# Alaska



## sweetnsalty (Jun 4, 2013)

Running out there this weekend. Don’t have many spots out there and don’t want to make that haul with out multiple spots. Anyone willing to do some gentlemen trading on PM? Spots won’t be shared and won’t be overfished and polietly floated off of when boats come in to view. 
Thanks ahead of time


----------



## Scout800 (Mar 22, 2010)

The public number for it is way off, unless it has been updated.


----------



## sweetnsalty (Jun 4, 2013)

I have the correct number for it, thank you. Just looking for stuff around it. I know the real fishing is around it within A few miles. Just a lot of gas to run out there and search.
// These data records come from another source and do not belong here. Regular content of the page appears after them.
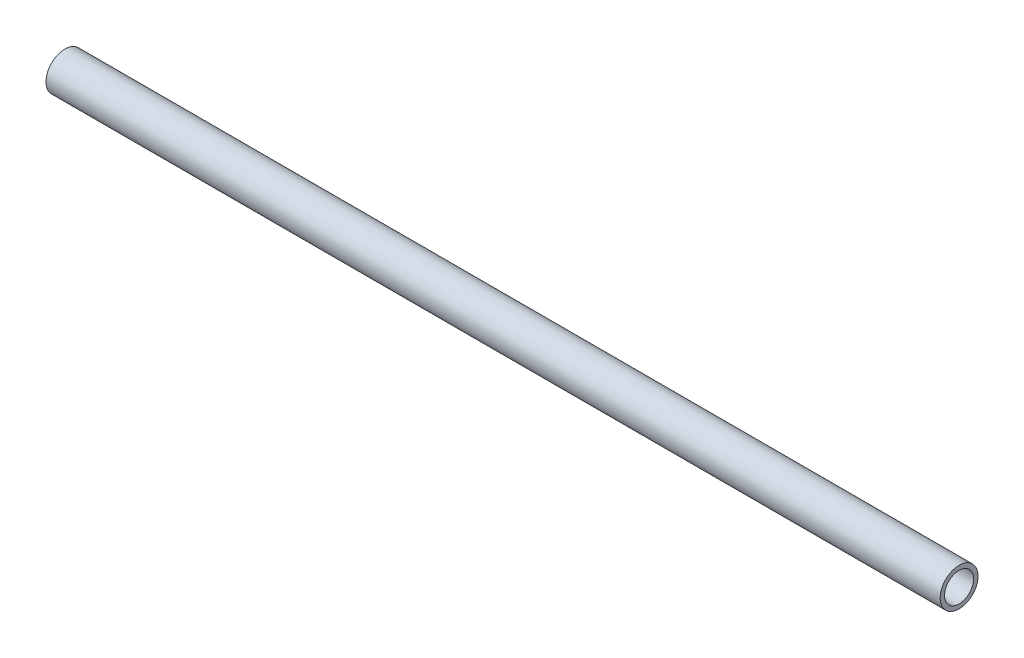
from build123d import *

# Parameters (mm, degrees)
BOSS_EXTRUDE1_DEPTH      = 149.906158
BOSS_EXTRUDE1_DEPTH_BACK = 149.906158
SKETCH1_R                = 6.35
SKETCH1_R_2              = 4.8768


with BuildPart() as part:
    # Sketch1 → Boss-Extrude1 (new, two sides: drawn at the far end of the back side and taken through both)
    with BuildSketch(Plane(origin=(0, 0, 0), x_dir=(0, 0, -1), z_dir=(1, 0, 0)).offset(-BOSS_EXTRUDE1_DEPTH_BACK)):
        with Locations(Location((0, 0, 0), (0, 0, 180))):
            Circle(SKETCH1_R)
        with Locations(Location((0, 0, 0), (0, 0, 180))):
            Circle(SKETCH1_R_2, mode=Mode.SUBTRACT)
    extrude(amount=BOSS_EXTRUDE1_DEPTH + BOSS_EXTRUDE1_DEPTH_BACK)


solid = part.part
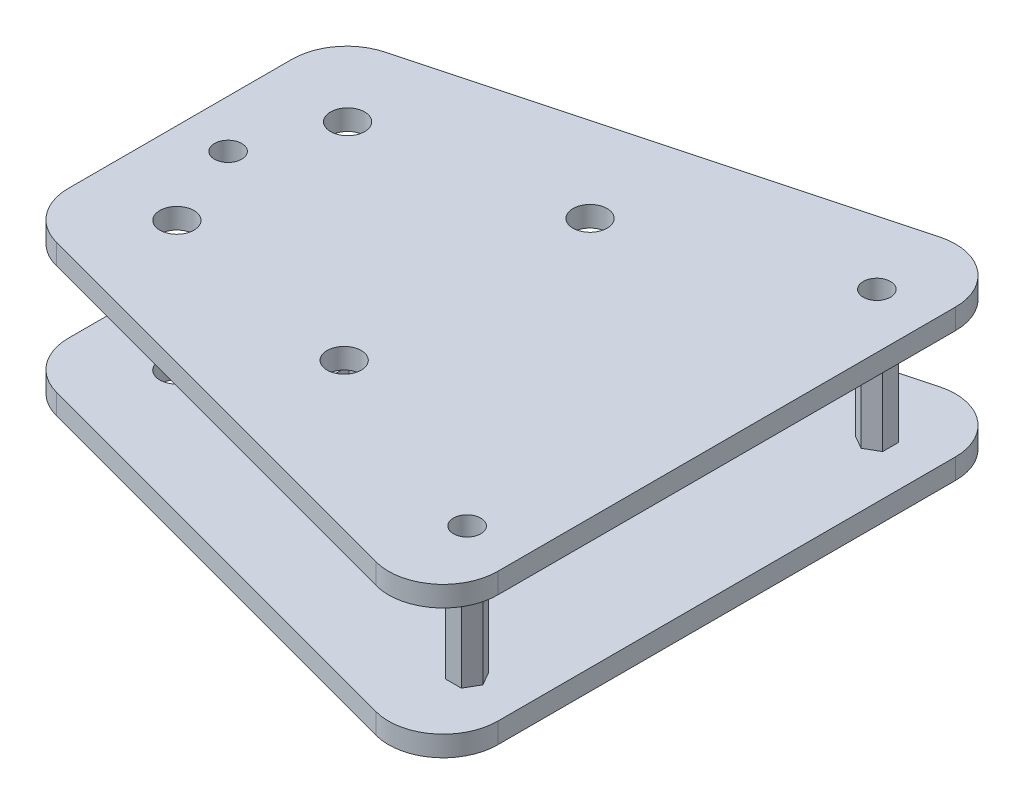
from build123d import *

# Parameters (mm, degrees)
CROQUIS1_R                = 2.5
CROQUIS1_R_2              = 2
SALIENTE_EXTRUIR1_DEPTH   = 22
CROQUIS2_W                = 80
CROQUIS2_H                = 16
CORTAR_EXTRUIR1_DEPTH     = 50
SALIENTE_EXTRUIR2_DEPTH   = 16
SALIENTE_EXTRUIR2_2_DEPTH = 16
SALIENTE_EXTRUIR2_3_DEPTH = 16
CUT_EXTRUDE1_DEPTH        = 11


with BuildPart() as part:
    # Croquis1 → Saliente-Extruir1 (new body)
    with BuildSketch(Plane(origin=(0, 0, 0), x_dir=(1, 0, 0), z_dir=(0, 1, 0))):
        with BuildLine():
            Line((0, 16.361384096), (0, -16.361384096))
            ThreePointArc((0, -16.361384096), (1.653173278, -21.231475528), (5.929447639, -24.088790706))
            Line((5.929447639, -24.088790706), (69.929447639, -41.237539022))
            ThreePointArc((69.929447639, -41.237539022), (76.870091432, -39.856959134), (80, -33.510132412))
            Line((80, -33.510132412), (80, 33.510132412))
            ThreePointArc((80, 33.510132412), (76.870091432, 39.856959134), (69.929447639, 41.237539022))
            Line((69.929447639, 41.237539022), (5.929447639, 24.088790706))
            ThreePointArc((5.929447639, 24.088790706), (1.653173278, 21.231475528), (0, 16.361384096))
        make_face()
        with Locations(Location((12, 12.5, 0), (0, 0, 270))):
            Circle(CROQUIS1_R, mode=Mode.SUBTRACT)
        with Locations(Location((12, -12.5, 0), (0, 0, 270))):
            Circle(CROQUIS1_R, mode=Mode.SUBTRACT)
        with Locations(Location((42, 18, 0), (0, 0, 270))):
            Circle(CROQUIS1_R, mode=Mode.SUBTRACT)
        with Locations(Location((42, -18, 0), (0, 0, 270))):
            Circle(CROQUIS1_R, mode=Mode.SUBTRACT)
        with Locations(Location((7, 0, 0), (0, 0, 270))):
            Circle(CROQUIS1_R_2, mode=Mode.SUBTRACT)
        with Locations(Location((72, -30, 0), (0, 0, 270))):
            Circle(CROQUIS1_R_2, mode=Mode.SUBTRACT)
        with Locations(Location((72, 30, 0), (0, 0, 270))):
            Circle(CROQUIS1_R_2, mode=Mode.SUBTRACT)
    extrude(amount=SALIENTE_EXTRUIR1_DEPTH)

    # Croquis2 → Cortar-Extruir1 (cut, symmetric)
    with BuildSketch(Plane.XY):
        with Locations((40, 11)):
            Rectangle(CROQUIS2_W, CROQUIS2_H)
    extrude(amount=CORTAR_EXTRUIR1_DEPTH, both=True, mode=Mode.SUBTRACT)


with BuildPart() as cortar_extruir1_piece_1:
    # of the separate pieces the step leaves, piece 1, a body of its own (cortar_extruir1_pieces)
    add(part.part.solids().sort_by_distance((69.929447639, 0, -41.237539022))[0])

    # Sketch1 → Cut-Extrude1 (cut)
    # profile 1 of 7: a face of its own
    with BuildSketch(Plane(origin=(0, 0, 0), x_dir=(-1, 0, 0), z_dir=(0, -1, 0))):
        with BuildLine():
            Line((-60.773891073, 3.225698816), (-57.023891073, 3.225698816))
            Line((-57.023891073, 3.225698816), (-57.023891073, 2.744929585))
            Line((-57.023891073, 2.744929585), (-57.524191554, 2.744929585))
            add(Edge.make_bspline(
                [(-57.524191554, 2.744929585), (-57.565268647, 2.744001604), (-57.640621666, 2.742299287), (-57.744355067, 2.731956929), (-57.827880549, 2.70965445), (-57.893239168, 2.680273801), (-57.940778851, 2.642177532), (-57.975266029, 2.59954546), (-57.995941385, 2.549820501), (-57.997941334, 2.5147441), (-57.998951169, 2.497032951)],
                knots=[0, 0, 0, 0, 1.649978988, 3.026769637, 4.173115814, 5.108527378, 5.881060813, 6.597094959, 7.291630266, 8, 8, 8, 8], degree=3))
            add(Edge.make_bspline(
                [(-57.998951169, 2.497032951), (-57.997532175, 2.475422139), (-57.994527122, 2.429656185), (-57.977418183, 2.35920865), (-57.947884084, 2.284341099), (-57.921377291, 2.234847908), (-57.907304534, 2.208571412)],
                knots=[0, 0, 0, 0, 0.848893184, 1.797730134, 2.830789942, 4, 4, 4, 4], degree=3))
            Line((-57.907304534, 2.208571412), (-56.256162707, -0.570875703))
            Line((-56.256162707, -0.570875703), (-55.144383861, 1.691744489))
            add(Edge.make_bspline(
                [(-55.144383861, 1.691744489), (-55.123521204, 1.736974213), (-55.083610356, 1.82349994), (-55.039258675, 1.953557341), (-55.012229905, 2.077748632), (-55.008138688, 2.158873031), (-55.006162707, 2.198054585)],
                knots=[0, 0, 0, 0, 1.129148263, 2.160092213, 3.111359234, 4, 4, 4, 4], degree=3))
            add(Edge.make_bspline(
                [(-55.006162707, 2.198054585), (-55.008148023, 2.238443497), (-55.011992072, 2.316646161), (-55.05135179, 2.427058008), (-55.11661168, 2.522497226), (-55.206280573, 2.603307958), (-55.320492044, 2.669103789), (-55.460566749, 2.714193315), (-55.625652801, 2.740700372), (-55.743731872, 2.743454955), (-55.806943957, 2.744929585)],
                knots=[0, 0, 0, 0, 0.884200254, 1.7120247, 2.535601234, 3.399669589, 4.34091696, 5.408595814, 6.612725681, 8, 8, 8, 8], degree=3))
            Line((-55.806943957, 2.744929585), (-56.062352611, 2.744929585))
            Line((-56.062352611, 2.744929585), (-56.062352611, 3.225698816))
            Line((-56.062352611, 3.225698816), (-53.177737227, 3.225698816))
            Line((-53.177737227, 3.225698816), (-53.177737227, 2.744929585))
            add(Edge.make_bspline(
                [(-53.177737227, 2.744929585), (-53.257068608, 2.741372351), (-53.40821543, 2.734594898), (-53.622370649, 2.694285009), (-53.813865219, 2.636459034), (-53.9824556, 2.549956249), (-54.131071522, 2.436942797), (-54.266839958, 2.29739683), (-54.389716465, 2.128376148), (-54.458280114, 2.00113295), (-54.493842996, 1.935133912)],
                knots=[0, 0, 0, 0, 1.158631572, 2.207493144, 3.17456629, 4.071024185, 4.959115416, 5.890271789, 6.905717302, 8, 8, 8, 8], degree=3))
            Line((-54.493842996, 1.935133912), (-56.062352611, -1.032113684))
            Line((-56.062352611, -1.032113684), (-56.062352611, -3.383375703))
            add(Edge.make_bspline(
                [(-56.062352611, -3.383375703), (-56.061038261, -3.416066856), (-56.058579684, -3.477217763), (-56.037055659, -3.563177553), (-56.001536672, -3.63621342), (-55.94993174, -3.696054134), (-55.881848542, -3.741041513), (-55.797953459, -3.771220632), (-55.698697104, -3.791247038), (-55.62727091, -3.792736092), (-55.5890954, -3.793531953)],
                knots=[0, 0, 0, 0, 1.088641102, 2.036373277, 2.932535239, 3.772977452, 4.639074189, 5.622189685, 6.729120018, 8, 8, 8, 8], degree=3))
            Line((-55.5890954, -3.793531953), (-54.812352611, -3.793531953))
            Line((-54.812352611, -3.793531953), (-54.812352611, -4.274301184))
            Line((-54.812352611, -4.274301184), (-58.85081415, -4.274301184))
            Line((-58.85081415, -4.274301184), (-58.85081415, -3.793531953))
            Line((-58.85081415, -3.793531953), (-58.078578573, -3.793531953))
            add(Edge.make_bspline(
                [(-58.078578573, -3.793531953), (-58.037969675, -3.792467689), (-57.962291503, -3.790484341), (-57.857770647, -3.77413497), (-57.7732193, -3.742384569), (-57.705176728, -3.699580135), (-57.657432145, -3.639050817), (-57.62437071, -3.565809993), (-57.602853298, -3.479227667), (-57.601520305, -3.416569164), (-57.60081415, -3.383375703)],
                knots=[0, 0, 0, 0, 1.33431287, 2.486606761, 3.455237023, 4.285744345, 5.09261012, 5.946421484, 6.912112891, 8, 8, 8, 8], degree=3))
            Line((-57.60081415, -3.383375703), (-57.60081415, -1.293531953))
            Line((-57.60081415, -1.293531953), (-59.657605015, 2.168006508))
            add(Edge.make_bspline(
                [(-59.657605015, 2.168006508), (-59.688999915, 2.219874353), (-59.748649641, 2.318422293), (-59.851040792, 2.446137845), (-59.954646645, 2.549436821), (-60.064994796, 2.626569597), (-60.184672816, 2.678808855), (-60.313871258, 2.71915544), (-60.457661124, 2.74086375), (-60.557980287, 2.743538943), (-60.610129054, 2.744929585)],
                knots=[0, 0, 0, 0, 1.231026377, 2.338927208, 3.317810476, 4.195831411, 5.056695332, 5.961387997, 6.940271265, 8, 8, 8, 8], degree=3))
            Line((-60.610129054, 2.744929585), (-60.773891073, 2.744929585))
            Line((-60.773891073, 2.744929585), (-60.773891073, 3.225698816))
        make_face()
    # profile 2 of 7: a face of its own
    with BuildSketch(Plane(origin=(0, 0, 0), x_dir=(-1, 0, 0), z_dir=(0, -1, 0))):
        with BuildLine():
            Line((-47.253758861, -3.793531953), (-47.023891073, -4.125563203))
            add(Edge.make_bspline(
                [(-47.023891073, -4.125563203), (-47.076209743, -4.155581503), (-47.177095033, -4.21346533), (-47.326447031, -4.289157236), (-47.468932454, -4.34777549), (-47.604453888, -4.395012571), (-47.740278518, -4.425821324), (-47.878457208, -4.450882635), (-48.023735477, -4.464033299), (-48.122626667, -4.465737053), (-48.173230015, -4.466608876)],
                knots=[0, 0, 0, 0, 1.190639995, 2.295892828, 3.301952218, 4.230417227, 5.124784651, 6.047918919, 7.001105777, 8, 8, 8, 8], degree=3))
            add(Edge.make_bspline(
                [(-48.173230015, -4.466608876), (-48.245960339, -4.464235527), (-48.384723869, -4.459707371), (-48.582825528, -4.427493656), (-48.758308673, -4.370093848), (-48.917807633, -4.290641598), (-49.059930501, -4.1740205), (-49.190731816, -4.019562539), (-49.317347612, -3.827342225), (-49.389373061, -3.680788253), (-49.427737227, -3.602726665)],
                knots=[0, 0, 0, 0, 1.066664263, 2.035108476, 2.931696402, 3.766104972, 4.633328674, 5.606912326, 6.725328147, 8, 8, 8, 8], degree=3))
            add(Edge.make_bspline(
                [(-49.427737227, -3.602726665), (-49.508304398, -3.681005182), (-49.66058918, -3.828964041), (-49.892292736, -4.020883661), (-50.110769963, -4.173390766), (-50.321135674, -4.289631377), (-50.534100151, -4.368272059), (-50.753166966, -4.426656646), (-50.986262482, -4.459236734), (-51.145891411, -4.464112578), (-51.227617034, -4.466608876)],
                knots=[0, 0, 0, 0, 1.308593802, 2.473450624, 3.50132852, 4.409978718, 5.265108425, 6.139845439, 7.047651995, 8, 8, 8, 8], degree=3))
            add(Edge.make_bspline(
                [(-51.227617034, -4.466608876), (-51.283769366, -4.466133423), (-51.393332098, -4.465205733), (-51.552112753, -4.446742931), (-51.702373709, -4.424771264), (-51.842060717, -4.387376869), (-51.974215702, -4.343595859), (-52.094971893, -4.285520445), (-52.208446539, -4.221237563), (-52.309761481, -4.14477692), (-52.399515793, -4.05995162), (-52.480417332, -3.971969256), (-52.546967557, -3.876145561), (-52.601072519, -3.774505038), (-52.645373452, -3.668190266), (-52.675090567, -3.555451497), (-52.693643908, -3.438083534), (-52.695849944, -3.35790541), (-52.696967996, -3.317269934)],
                knots=[0, 0, 0, 0, 1.285346722, 2.507929693, 3.658414148, 4.76028252, 5.816036181, 6.842461126, 7.824322881, 8.799459477, 9.741018542, 10.650872844, 11.53244219, 12.405008039, 13.284858853, 14.164260801, 15.069619819, 16, 16, 16, 16], degree=3))
            add(Edge.make_bspline(
                [(-52.696967996, -3.317269934), (-52.694414326, -3.256048008), (-52.689374067, -3.135212345), (-52.656823232, -2.958719189), (-52.598064089, -2.792317431), (-52.518300942, -2.635636596), (-52.415685032, -2.487670721), (-52.290879487, -2.349423936), (-52.141304921, -2.222270539), (-52.03019587, -2.147800268), (-51.972809342, -2.109337242)],
                knots=[0, 0, 0, 0, 0.995801517, 1.96544511, 2.905633422, 3.856346558, 4.816537031, 5.825738476, 6.877019287, 8, 8, 8, 8], degree=3))
            add(Edge.make_bspline(
                [(-51.972809342, -2.109337242), (-51.917752753, -2.07821739), (-51.796234972, -2.009531418), (-51.584113776, -1.922544554), (-51.330573982, -1.831987211), (-51.033253451, -1.743565752), (-50.693277372, -1.652985993), (-50.309856275, -1.566232553), (-49.88394476, -1.474967379), (-49.584632312, -1.419015128), (-49.427737227, -1.389685799)],
                knots=[0, 0, 0, 0, 0.571158686, 1.260629055, 2.068141078, 3.004654038, 4.063103147, 5.24787825, 6.557379157, 8, 8, 8, 8], degree=3))
            Line((-49.427737227, -1.389685799), (-49.427737227, -0.733135319))
            add(Edge.make_bspline(
                [(-49.427737227, -0.733135319), (-49.430292464, -0.670731521), (-49.435234684, -0.550033041), (-49.482794213, -0.378244207), (-49.563242276, -0.225874067), (-49.671857345, -0.093406854), (-49.806186837, 0.016884074), (-49.9661648, 0.093126616), (-50.145562532, 0.141702377), (-50.272252919, 0.146354406), (-50.338193957, 0.148775739)],
                knots=[0, 0, 0, 0, 1.048850548, 2.028637255, 2.971451416, 3.930078998, 4.895246658, 5.871835951, 6.892312576, 8, 8, 8, 8], degree=3))
            add(Edge.make_bspline(
                [(-50.338193957, 0.148775739), (-50.389931654, 0.147227632), (-50.490648185, 0.144213969), (-50.636186491, 0.115424194), (-50.773995185, 0.073684815), (-50.857153212, 0.02854193), (-50.898590592, 0.006047374)],
                knots=[0, 0, 0, 0, 1.060051457, 2.0635767, 3.035086446, 4, 4, 4, 4], degree=3))
            add(Edge.make_bspline(
                [(-50.898590592, 0.006047374), (-50.923324609, -0.008569585), (-50.968269324, -0.035130375), (-51.019845099, -0.083317049), (-51.055130141, -0.131770558), (-51.060042334, -0.166786837), (-51.062352611, -0.183255511)],
                knots=[0, 0, 0, 0, 1.317511825, 2.394079104, 3.244711643, 4, 4, 4, 4], degree=3))
            add(Edge.make_bspline(
                [(-51.062352611, -0.183255511), (-51.058347481, -0.204175816), (-51.048184547, -0.257260642), (-51.018649547, -0.30286129), (-51.000754054, -0.330491088)],
                knots=[0, 0, 0, 0, 0.788183978, 2, 2, 2, 2], degree=3))
            add(Edge.make_bspline(
                [(-51.000754054, -0.330491088), (-50.980654043, -0.367068227), (-50.94152073, -0.438281355), (-50.902068199, -0.550471802), (-50.873770605, -0.660618965), (-50.871271072, -0.734468386), (-50.870044919, -0.770695415)],
                knots=[0, 0, 0, 0, 1.07655196, 2.095971236, 3.065973652, 4, 4, 4, 4], degree=3))
            add(Edge.make_bspline(
                [(-50.870044919, -0.770695415), (-50.872302961, -0.814995261), (-50.876663602, -0.900545363), (-50.912009258, -1.023159682), (-50.973249413, -1.131169463), (-51.056978356, -1.223879847), (-51.160779106, -1.297843269), (-51.281353862, -1.352879808), (-51.418863386, -1.384175746), (-51.515418829, -1.387800034), (-51.5656579, -1.389685799)],
                knots=[0, 0, 0, 0, 1.013390106, 1.957018698, 2.891613793, 3.833568295, 4.79480406, 5.790452495, 6.850343284, 8, 8, 8, 8], degree=3))
            add(Edge.make_bspline(
                [(-51.5656579, -1.389685799), (-51.61947663, -1.38761974), (-51.72292886, -1.38364829), (-51.869090939, -1.346726988), (-51.999557147, -1.28748239), (-52.110311162, -1.203263852), (-52.199722792, -1.100054765), (-52.266750474, -0.98211924), (-52.30426621, -0.848531995), (-52.309610159, -0.755392538), (-52.312352611, -0.707594453)],
                knots=[0, 0, 0, 0, 1.135686363, 2.183055715, 3.163294458, 4.145531186, 5.098416576, 6.031881768, 6.989984632, 8, 8, 8, 8], degree=3))
            add(Edge.make_bspline(
                [(-52.312352611, -0.707594453), (-52.311218457, -0.666875328), (-52.30896864, -0.586100946), (-52.281318516, -0.467591336), (-52.240546562, -0.352701244), (-52.185147473, -0.240071755), (-52.109633886, -0.133687125), (-52.020977516, -0.029219249), (-51.914631513, 0.070390703), (-51.835159078, 0.130950808), (-51.794023284, 0.162297374)],
                knots=[0, 0, 0, 0, 0.92632937, 1.837556265, 2.758171635, 3.702539709, 4.687229428, 5.723494537, 6.821656112, 8, 8, 8, 8], degree=3))
            add(Edge.make_bspline(
                [(-51.794023284, 0.162297374), (-51.739134716, 0.200001777), (-51.628981027, 0.275669249), (-51.45019452, 0.368851913), (-51.263780162, 0.451676075), (-51.065877275, 0.515054392), (-50.859120237, 0.566400604), (-50.642374288, 0.604485753), (-50.415212881, 0.624865214), (-50.260607016, 0.62796686), (-50.181943957, 0.62954497)],
                knots=[0, 0, 0, 0, 0.935767956, 1.877955579, 2.83059031, 3.801741558, 4.795990138, 5.825443329, 6.893591268, 8, 8, 8, 8], degree=3))
            add(Edge.make_bspline(
                [(-50.181943957, 0.62954497), (-50.06411838, 0.626585062), (-49.834701814, 0.620821865), (-49.500641993, 0.578220974), (-49.186188577, 0.508326923), (-48.989362034, 0.435416477), (-48.892881457, 0.399677181)],
                knots=[0, 0, 0, 0, 1.073185449, 2.089584671, 3.063551235, 4, 4, 4, 4], degree=3))
            add(Edge.make_bspline(
                [(-48.892881457, 0.399677181), (-48.834208211, 0.372554199), (-48.717492907, 0.318600015), (-48.560282711, 0.202391163), (-48.42103127, 0.059701117), (-48.30166734, -0.109600754), (-48.200597861, -0.300923655), (-48.131352087, -0.516436757), (-48.088074402, -0.752429352), (-48.083802362, -0.91672648), (-48.081583381, -1.002065607)],
                knots=[0, 0, 0, 0, 0.899251728, 1.788829553, 2.707149947, 3.66811373, 4.667398255, 5.711717518, 6.811421525, 8, 8, 8, 8], degree=3))
            Line((-48.081583381, -1.002065607), (-48.081583381, -3.378868492))
            add(Edge.make_bspline(
                [(-48.081583381, -3.378868492), (-48.080103201, -3.42103513), (-48.077353365, -3.499371104), (-48.058594977, -3.607993755), (-48.025804858, -3.699565572), (-47.989126961, -3.74715284), (-47.9719079, -3.769493492)],
                knots=[0, 0, 0, 0, 1.220920604, 2.268191387, 3.186973035, 4, 4, 4, 4], degree=3))
            add(Edge.make_bspline(
                [(-47.9719079, -3.769493492), (-47.952670447, -3.788082394), (-47.914164923, -3.825289787), (-47.841227922, -3.862409225), (-47.759059964, -3.886173227), (-47.700661424, -3.888474552), (-47.669924727, -3.889685799)],
                knots=[0, 0, 0, 0, 0.954778983, 1.911077644, 2.900544867, 4, 4, 4, 4], degree=3))
            add(Edge.make_bspline(
                [(-47.669924727, -3.889685799), (-47.64130435, -3.8883536), (-47.579576596, -3.885480343), (-47.481619921, -3.865727394), (-47.371270398, -3.835389979), (-47.294653364, -3.80809872), (-47.253758861, -3.793531953)],
                knots=[0, 0, 0, 0, 0.800345766, 1.72616688, 2.78633678, 4, 4, 4, 4], degree=3))
        make_face()
        with BuildLine():
            add(Edge.make_bspline(
                [(-49.427737227, -1.87045503), (-49.508953055, -1.882433337), (-49.664798812, -1.905418615), (-49.888016701, -1.947166196), (-50.090493665, -1.995067488), (-50.272723731, -2.047107577), (-50.434389211, -2.104124875), (-50.575909664, -2.165037226), (-50.697965193, -2.230815824), (-50.799775656, -2.303772912), (-50.885687442, -2.381759906), (-50.958302285, -2.465284152), (-51.02034966, -2.553672014), (-51.070191374, -2.648923902), (-51.111860914, -2.748943069), (-51.137594262, -2.85653092), (-51.155097062, -2.969141152), (-51.157349078, -3.04626399), (-51.158506457, -3.085899742)],
                knots=[0, 0, 0, 0, 1.681975776, 3.227557921, 4.651191003, 5.943682547, 7.108803403, 8.161104256, 9.097960246, 9.943676724, 10.720883199, 11.469943612, 12.207173587, 12.927865325, 13.669083436, 14.420669724, 15.188334545, 16, 16, 16, 16], degree=3))
            add(Edge.make_bspline(
                [(-51.158506457, -3.085899742), (-51.156705584, -3.139646896), (-51.153287093, -3.24167192), (-51.1220683, -3.384972227), (-51.068672116, -3.508683362), (-50.994869803, -3.612924365), (-50.899353171, -3.694023397), (-50.78682726, -3.751980799), (-50.657772238, -3.787189837), (-50.566290448, -3.791355168), (-50.518482419, -3.793531953)],
                knots=[0, 0, 0, 0, 1.189819512, 2.258563569, 3.227487892, 4.157509628, 5.062572389, 5.97576097, 6.942140511, 8, 8, 8, 8], degree=3))
            add(Edge.make_bspline(
                [(-50.518482419, -3.793531953), (-50.479877215, -3.792167899), (-50.404380211, -3.789500331), (-50.293433043, -3.774705846), (-50.187812206, -3.747990839), (-50.088319036, -3.707747873), (-49.992781942, -3.659820913), (-49.901824319, -3.600721045), (-49.816294208, -3.529999451), (-49.737046572, -3.448297954), (-49.662833319, -3.359042415), (-49.599920735, -3.259283975), (-49.547307834, -3.151727227), (-49.503500431, -3.036597655), (-49.468817757, -2.913485181), (-49.445616522, -2.782097569), (-49.429715222, -2.643581399), (-49.42840692, -2.548587625), (-49.427737227, -2.499962242)],
                knots=[0, 0, 0, 0, 0.975091251, 1.906905293, 2.820957317, 3.718054817, 4.611669124, 5.516665246, 6.450964701, 7.407843816, 8.387516827, 9.376855626, 10.377925808, 11.406652237, 12.483683151, 13.602377652, 14.772705824, 16, 16, 16, 16], degree=3))
            Line((-49.427737227, -2.499962242), (-49.427737227, -1.87045503))
        make_face(mode=Mode.SUBTRACT)
    # profile 3 of 7: a face of its own
    with BuildSketch(Plane(origin=(0, 0, 0), x_dir=(-1, 0, 0), z_dir=(0, -1, 0))):
        with BuildLine():
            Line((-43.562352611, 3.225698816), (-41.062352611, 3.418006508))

I’ve searched around the gulf a lot, I don’t want to go there without some clear cut plan.


----------



## Realtor (Oct 1, 2007)

Alaska?


----------



## jspooney (Oct 2, 2007)

Realtor said:


> Alaska?


I've never heard of it, either.


----------



## sweetnsalty (Jun 4, 2013)

52-56 miles SE of Destin


----------



## Scout800 (Mar 22, 2010)

The better rocks are actually 9miles northeast of the Alaska. Check out the 150ft curve and work that area east towards PSJ. There are some good rocks due east of it as well but, you'll be in 260ft of water. I do not like fishing anything more than 200 with out electrics.


----------